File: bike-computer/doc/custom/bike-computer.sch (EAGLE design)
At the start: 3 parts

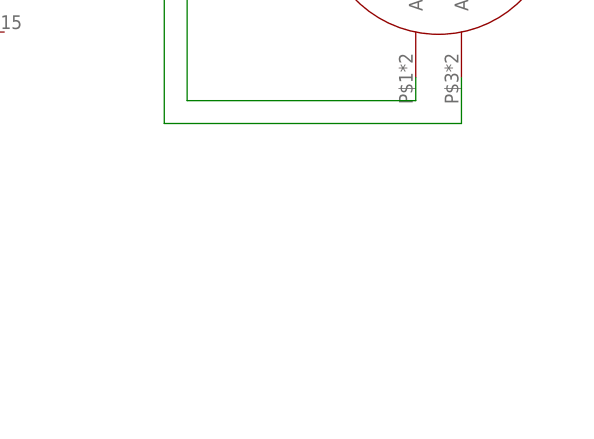
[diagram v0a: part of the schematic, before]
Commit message: [Bike] Add a simple 0.9 inch OLED device. It fits to the hausing.
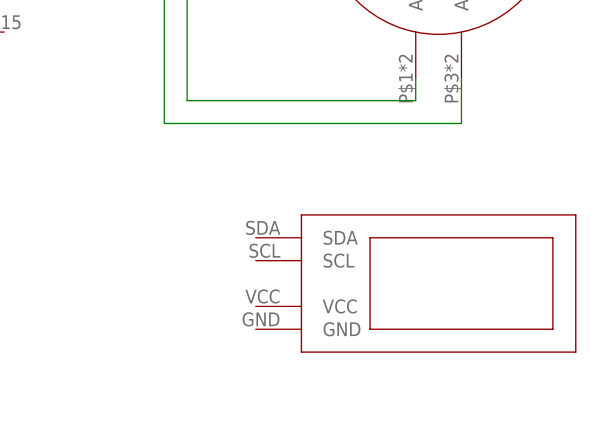
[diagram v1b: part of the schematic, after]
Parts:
- added U$3: OLED_0.9, bike_computer:OLED_0.9
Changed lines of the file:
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@@
 <part name="SUPPLY21" library="supply2" library_urn="urn:adsk.eagle:library:372" deviceset="0V" device=""/>
 <part name="SUPPLY22" library="supply2" library_urn="urn:adsk.eagle:library:372" deviceset="0V" device=""/>
+<part name="U$3" library="bike_computer" deviceset="OLED_0.9" device=""/>
 </parts>
 <sheets>
@@
 <attribute name="VALUE" x="24.257" y="-42.672" size="1.778" layer="96"/>
 </instance>
+<instance part="U$3" gate="OLED_0.9" x="137.16" y="-38.1" smashed="yes"/>
 </instances>
 <busses>

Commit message: [Bike] Some changes for bike-computer
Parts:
- renumbered U$2 to DRV8825
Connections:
- new net SCL: ARDUINO_NANO1.A5, U$3.SCL
- new net SDA: ARDUINO_NANO1.A4, U$3.SDA
- net +5V: now also U$3.VCC
- net 0V: now also U$3.GND
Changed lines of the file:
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@@
 <part name="U$1" library="bike_computer" deviceset="STEPPER_GAUGE" device=""/>
 <part name="ARDUINO_NANO1" library="ArduinoNanoV30" deviceset="ARDUINO_NANO" device=""/>
-<part name="U$2" library="bike_computer" deviceset="DRV8825_BOARD" device=""/>
 <part name="SUPPLY1" library="supply2" library_urn="urn:adsk.eagle:library:372" deviceset="+5V" device=""/>
 <part name="SUPPLY2" library="supply2" library_urn="urn:adsk.eagle:library:372" deviceset="+5V" device=""/>
@@
 <part name="SUPPLY22" library="supply2" library_urn="urn:adsk.eagle:library:372" deviceset="0V" device=""/>
 <part name="U$3" library="bike_computer" deviceset="OLED_0.9" device=""/>
+<part name="DRV8825" library="bike_computer" deviceset="DRV8825_BOARD" device=""/>
 </parts>
 <sheets>
@@
 <attribute name="VALUE" x="-27.94" y="-20.32" size="1.778" layer="96"/>
 </instance>
-<instance part="U$2" gate="G$1" x="71.12" y="2.54" smashed="yes"/>
 <instance part="SUPPLY1" gate="+5V" x="-22.86" y="-35.56" smashed="yes">
 <attribute name="VALUE" x="-24.765" y="-32.385" size="1.778" layer="96"/>
@@
 <attribute name="VALUE" x="-14.605" y="-34.925" size="1.778" layer="96"/>
 </instance>
-<instance part="SUPPLY3" gate="+5V" x="-2.54" y="-38.1" smashed="yes">
-<attribute name="VALUE" x="-4.445" y="-34.925" size="1.778" layer="96"/>
+<instance part="SUPPLY3" gate="+5V" x="91.44" y="-40.64" smashed="yes">
+<attribute name="VALUE" x="89.535" y="-37.465" size="1.778" layer="96"/>
 </instance>
 <instance part="SUPPLY4" gate="+5V" x="43.18" y="2.54" smashed="yes">
@@
 <attribute name="VALUE" x="29.337" y="-37.592" size="1.778" layer="96"/>
 </instance>
-<instance part="SUPPLY22" gate="0V" x="25.4" y="-40.64" smashed="yes">
-<attribute name="VALUE" x="24.257" y="-42.672" size="1.778" layer="96"/>
-</instance>
-<instance part="U$3" gate="OLED_0.9" x="137.16" y="-38.1" smashed="yes"/>
+<instance part="SUPPLY22" gate="0V" x="91.44" y="-50.8" smashed="yes">
+<attribute name="VALUE" x="90.297" y="-52.832" size="1.778" layer="96"/>
+</instance>
+<instance part="U$3" gate="OLED_0.9" x="134.62" y="-40.64" smashed="yes"/>
+<instance part="DRV8825" gate="G$1" x="71.12" y="2.54" smashed="yes">
+<attribute name="NAME" x="63.5" y="-15.24" size="1.778" layer="95"/>
+</instance>
 </instances>
 <busses>
@@
 <net name="N$1" class="0">
 <segment>
-<pinref part="U$2" gate="G$1" pin="B2"/>
 <pinref part="U$1" gate="G$1" pin="B2"/>
 <wire x1="86.36" y1="5.08" x2="116.84" y2="5.08" width="0.1524" layer="91"/>
+<pinref part="DRV8825" gate="G$1" pin="B2"/>
 </segment>
 </net>
 <net name="N$2" class="0">
 <segment>
-<pinref part="U$2" gate="G$1" pin="B1"/>
 <wire x1="86.36" y1="2.54" x2="109.22" y2="2.54" width="0.1524" layer="91"/>
 <wire x1="109.22" y1="2.54" x2="109.22" y2="0" width="0.1524" layer="91"/>
 <pinref part="U$1" gate="G$1" pin="B1"/>
 <wire x1="109.22" y1="0" x2="116.84" y2="0" width="0.1524" layer="91"/>
+<pinref part="DRV8825" gate="G$1" pin="B1"/>
 </segment>
 </net>
 <net name="N$3" class="0">
 <segment>
-<pinref part="U$2" gate="G$1" pin="A2"/>
 <wire x1="86.36" y1="0" x2="106.68" y2="0" width="0.1524" layer="91"/>
 <wire x1="106.68" y1="0" x2="106.68" y2="-17.78" width="0.1524" layer="91"/>
@@
 <wire x1="106.68" y1="-17.78" x2="132.08" y2="-17.78" width="0.1524" layer="91"/>
 <wire x1="132.08" y1="-17.78" x2="132.08" y2="-15.24" width="0.1524" layer="91"/>
+<pinref part="DRV8825" gate="G$1" pin="A2"/>
 </segment>
 </net>
 <net name="N$4" class="0">
 <segment>
-<pinref part="U$2" gate="G$1" pin="A1"/>
 <wire x1="86.36" y1="-2.54" x2="104.14" y2="-2.54" width="0.1524" layer="91"/>
 <wire x1="104.14" y1="-2.54" x2="104.14" y2="-20.32" width="0.1524" layer="91"/>
@@
 <wire x1="104.14" y1="-20.32" x2="137.16" y2="-20.32" width="0.1524" layer="91"/>
 <wire x1="137.16" y1="-20.32" x2="137.16" y2="-15.24" width="0.1524" layer="91"/>
+<pinref part="DRV8825" gate="G$1" pin="A1"/>
 </segment>
 </net>
@@
 <segment>
 <pinref part="SUPPLY19" gate="0V" pin="0V"/>
-<pinref part="U$2" gate="G$1" pin="GNDLOGIC"/>
 <wire x1="93.98" y1="12.7" x2="88.9" y2="12.7" width="0.1524" layer="91"/>
-<pinref part="U$2" gate="G$1" pin="GNDMOT"/>
 <wire x1="88.9" y1="12.7" x2="86.36" y2="12.7" width="0.1524" layer="91"/>
 <wire x1="86.36" y1="15.24" x2="88.9" y2="15.24" width="0.1524" layer="91"/>
 <wire x1="88.9" y1="15.24" x2="88.9" y2="12.7" width="0.1524" layer="91"/>
 <junction x="88.9" y="12.7"/>
+<pinref part="DRV8825" gate="G$1" pin="GNDMOT"/>
+<pinref part="DRV8825" gate="G$1" pin="GNDLOGIC"/>
 </segment>
 <segment>
 <pinref part="SUPPLY18" gate="0V" pin="0V"/>
-<pinref part="U$2" gate="G$1" pin="ENABLE"/>
 <wire x1="48.26" y1="7.62" x2="55.88" y2="7.62" width="0.1524" layer="91"/>
+<pinref part="DRV8825" gate="G$1" pin="ENABLE"/>
 </segment>
 <segment>
@@
 <wire x1="12.7" y1="35.56" x2="12.7" y2="33.02" width="0.1524" layer="91"/>
 </segment>
+<segment>
+<pinref part="U$3" gate="OLED_0.9" pin="GND"/>
+<pinref part="SUPPLY22" gate="0V" pin="0V"/>
+<wire x1="111.76" y1="-45.72" x2="91.44" y2="-45.72" width="0.1524" layer="91"/>
+<wire x1="91.44" y1="-45.72" x2="91.44" y2="-48.26" width="0.1524" layer="91"/>
+</segment>
 </net>
 <net name="+12V" class="0">
 <segment>
-<pinref part="U$2" gate="G$1" pin="VMOT"/>
 <pinref part="SUPPLY9" gate="+12V" pin="+12V"/>
 <wire x1="86.36" y1="17.78" x2="91.44" y2="17.78" width="0.1524" layer="91"/>
 <wire x1="91.44" y1="17.78" x2="91.44" y2="22.86" width="0.1524" layer="91"/>
+<pinref part="DRV8825" gate="G$1" pin="VMOT"/>
 </segment>
 </net>
@@
 <pinref part="SUPPLY4" gate="+5V" pin="+5V"/>
 <wire x1="43.18" y1="0" x2="43.18" y2="-5.08" width="0.1524" layer="91"/>
-<pinref part="U$2" gate="G$1" pin="SLEEP"/>
 <wire x1="43.18" y1="-5.08" x2="53.34" y2="-5.08" width="0.1524" layer="91"/>
-<pinref part="U$2" gate="G$1" pin="RESET"/>
 <wire x1="53.34" y1="-5.08" x2="55.88" y2="-5.08" width="0.1524" layer="91"/>
 <wire x1="55.88" y1="-2.54" x2="53.34" y2="-2.54" width="0.1524" layer="91"/>
 <wire x1="53.34" y1="-2.54" x2="53.34" y2="-5.08" width="0.1524" layer="91"/>
 <junction x="53.34" y="-5.08"/>
+<pinref part="DRV8825" gate="G$1" pin="RESET"/>
+<pinref part="DRV8825" gate="G$1" pin="SLEEP"/>
 </segment>
 <segment>
@@
 <wire x1="17.78" y1="17.78" x2="17.78" y2="20.32" width="0.1524" layer="91"/>
 </segment>
+<segment>
+<pinref part="U$3" gate="OLED_0.9" pin="VCC"/>
+<pinref part="SUPPLY3" gate="+5V" pin="+5V"/>
+<wire x1="111.76" y1="-43.18" x2="91.44" y2="-43.18" width="0.1524" layer="91"/>
+</segment>
 </net>
 <net name="STEP" class="0">
 <segment>
-<pinref part="U$2" gate="G$1" pin="STEP"/>
 <wire x1="55.88" y1="-7.62" x2="43.18" y2="-7.62" width="0.1524" layer="91"/>
 <label x="35.56" y="-7.62" size="1.778" layer="95"/>
+<pinref part="DRV8825" gate="G$1" pin="STEP"/>
 </segment>
 <segment>
@@
 <net name="DIR" class="0">
 <segment>
-<pinref part="U$2" gate="G$1" pin="DIR"/>
 <wire x1="55.88" y1="-10.16" x2="43.18" y2="-10.16" width="0.1524" layer="91"/>
 <label x="35.56" y="-10.16" size="1.778" layer="95"/>
+<pinref part="DRV8825" gate="G$1" pin="DIR"/>
 </segment>
 <segment>
@@
 </segment>
 </net>
+<net name="SDA" class="0">
+<segment>
+<pinref part="U$3" gate="OLED_0.9" pin="SDA"/>
+<wire x1="111.76" y1="-35.56" x2="106.68" y2="-35.56" width="0.1524" layer="91"/>
+<label x="99.06" y="-35.56" size="1.778" layer="95"/>
+</segment>
+<segment>
+<pinref part="ARDUINO_NANO1" gate="G$1" pin="A4"/>
+<wire x1="7.62" y1="7.62" x2="12.7" y2="7.62" width="0.1524" layer="91"/>
+<label x="15.24" y="7.62" size="1.778" layer="95"/>
+</segment>
+</net>
+<net name="SCL" class="0">
+<segment>
+<pinref part="U$3" gate="OLED_0.9" pin="SCL"/>
+<wire x1="111.76" y1="-38.1" x2="106.68" y2="-38.1" width="0.1524" layer="91"/>
+<label x="99.06" y="-38.1" size="1.778" layer="95"/>
+</segment>
+<segment>
+<pinref part="ARDUINO_NANO1" gate="G$1" pin="A5"/>
+<wire x1="7.62" y1="10.16" x2="12.7" y2="10.16" width="0.1524" layer="91"/>
+<label x="15.24" y="10.16" size="1.778" layer="95"/>
+</segment>
+</net>

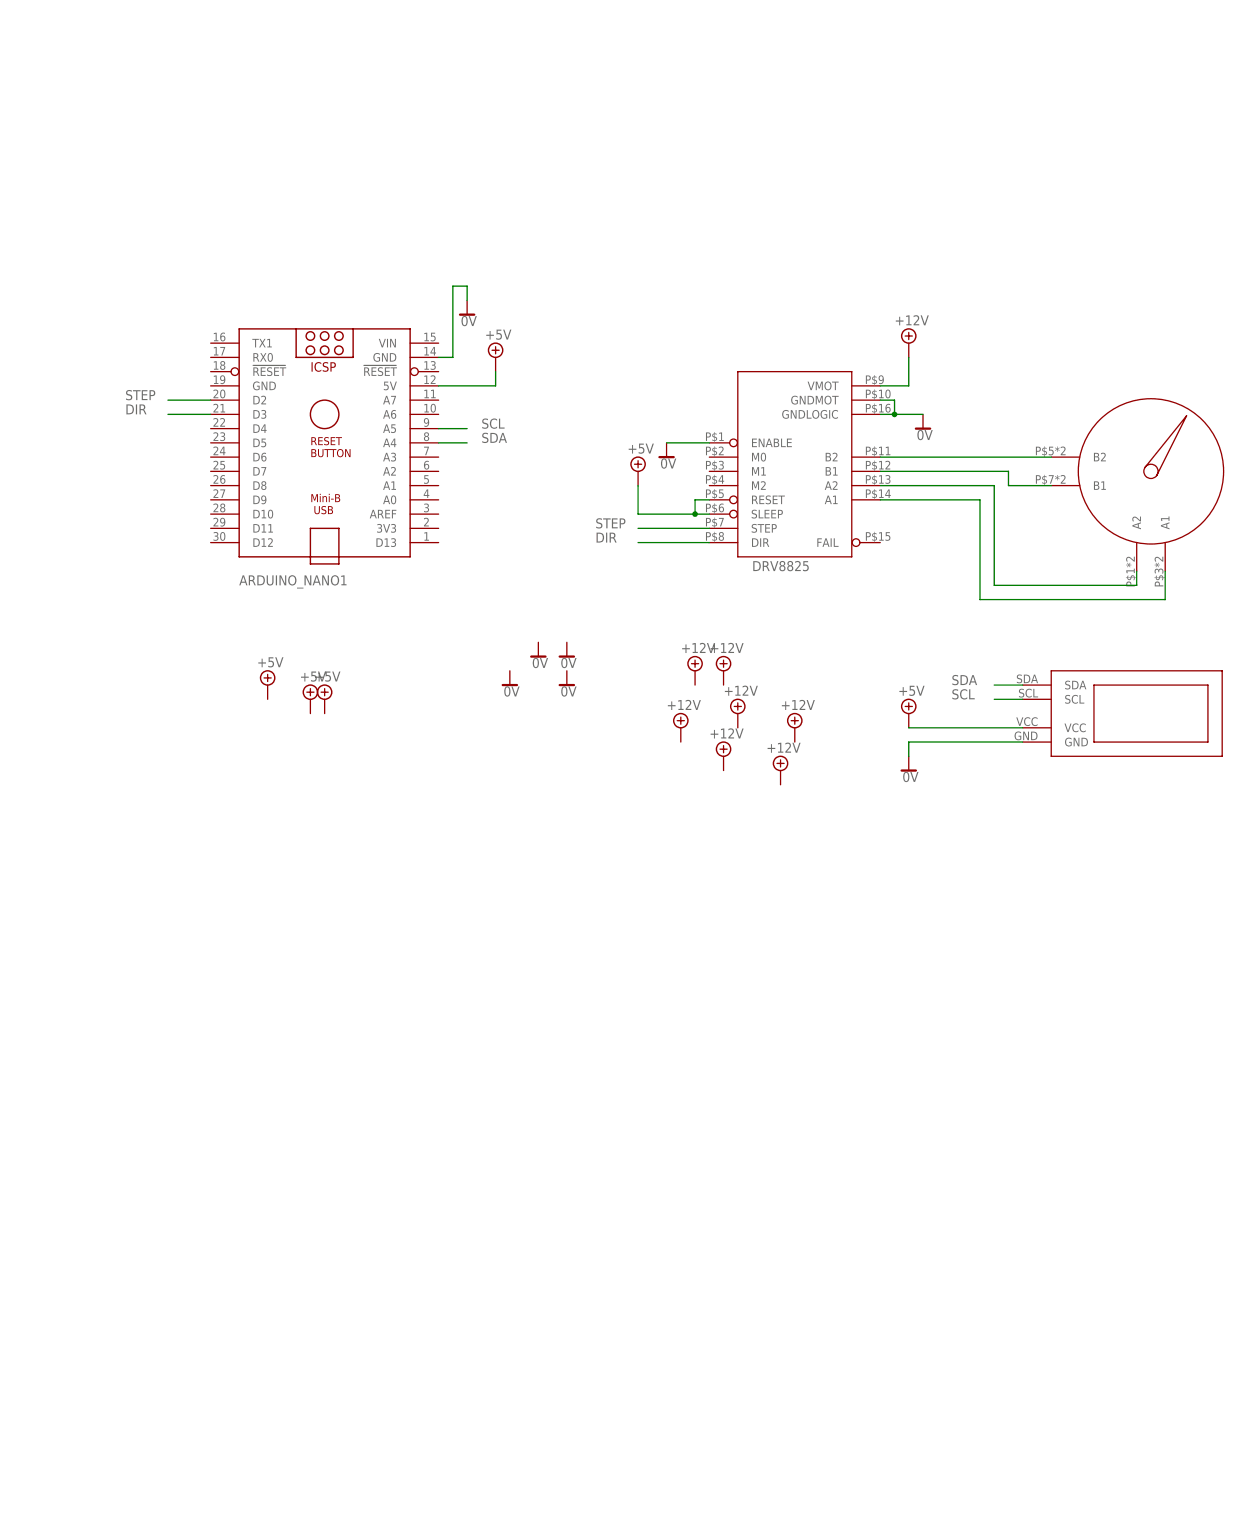
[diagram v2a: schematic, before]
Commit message: [Bike] Further work on schematics.
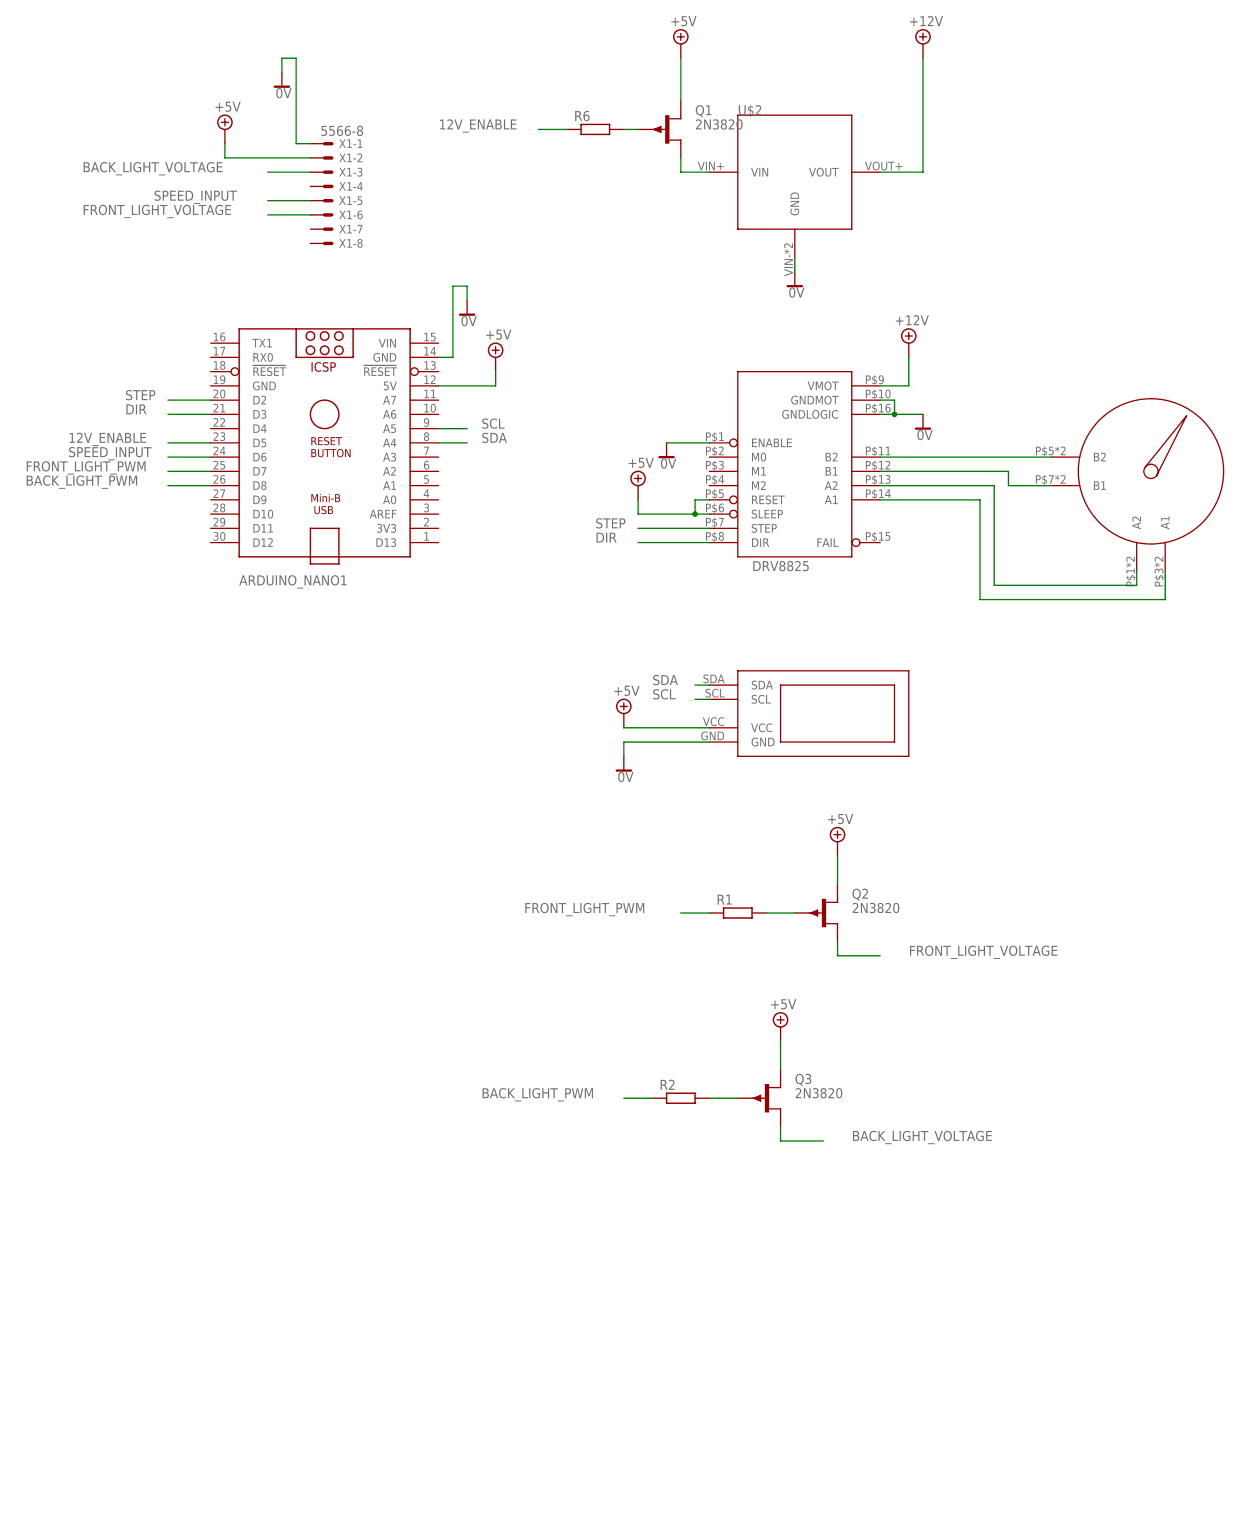
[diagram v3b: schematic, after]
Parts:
- added Q1, Q2, Q3: 2N3820, transistor-small-signal:2N3820
- added R1, R2, R6: (no value), rcl:R-EU_0204/5
- added U$2: STEP_UP_REG, bike_computer:STEP_UP_REG
- added X1: 5566-8, con-molex:5566-8
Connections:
- new net 12V_ENABLE: ARDUINO_NANO1.D5, R6.1
- new net BACK_LIGHT_PWM: ARDUINO_NANO1.D8, R2.1
- new net BACK_LIGHT_VOLTAGE: Q3.D, X1-3.S
- new net FRONT_LIGHT_PWM: ARDUINO_NANO1.D7, R1.1
- new net FRONT_LIGHT_VOLTAGE: Q2.D, X1-6.S
- new net N$5: Q2.G, R1.2
- new net N$6: Q1.G, R6.2
- new net N$7: Q1.D, U$2.VIN
- new net N$8: Q3.G, R2.2
- new net SPEED_INPUT: ARDUINO_NANO1.D6, X1-5.S
- net +12V: now also U$2.VOUT
- net +5V: now also Q1.S, Q2.S, Q3.S, X1-2.S
- net 0V: now also U$2.GND, X1-1.S
------------------------------------
EXERCISE DESCRIPTION — Look above for every line with the word "VMOT" and copy it.

ANSWER FOR THE TASK —
-<pinref part="U$2" gate="G$1" pin="VMOT"/>
+<pinref part="DRV8825" gate="G$1" pin="VMOT"/>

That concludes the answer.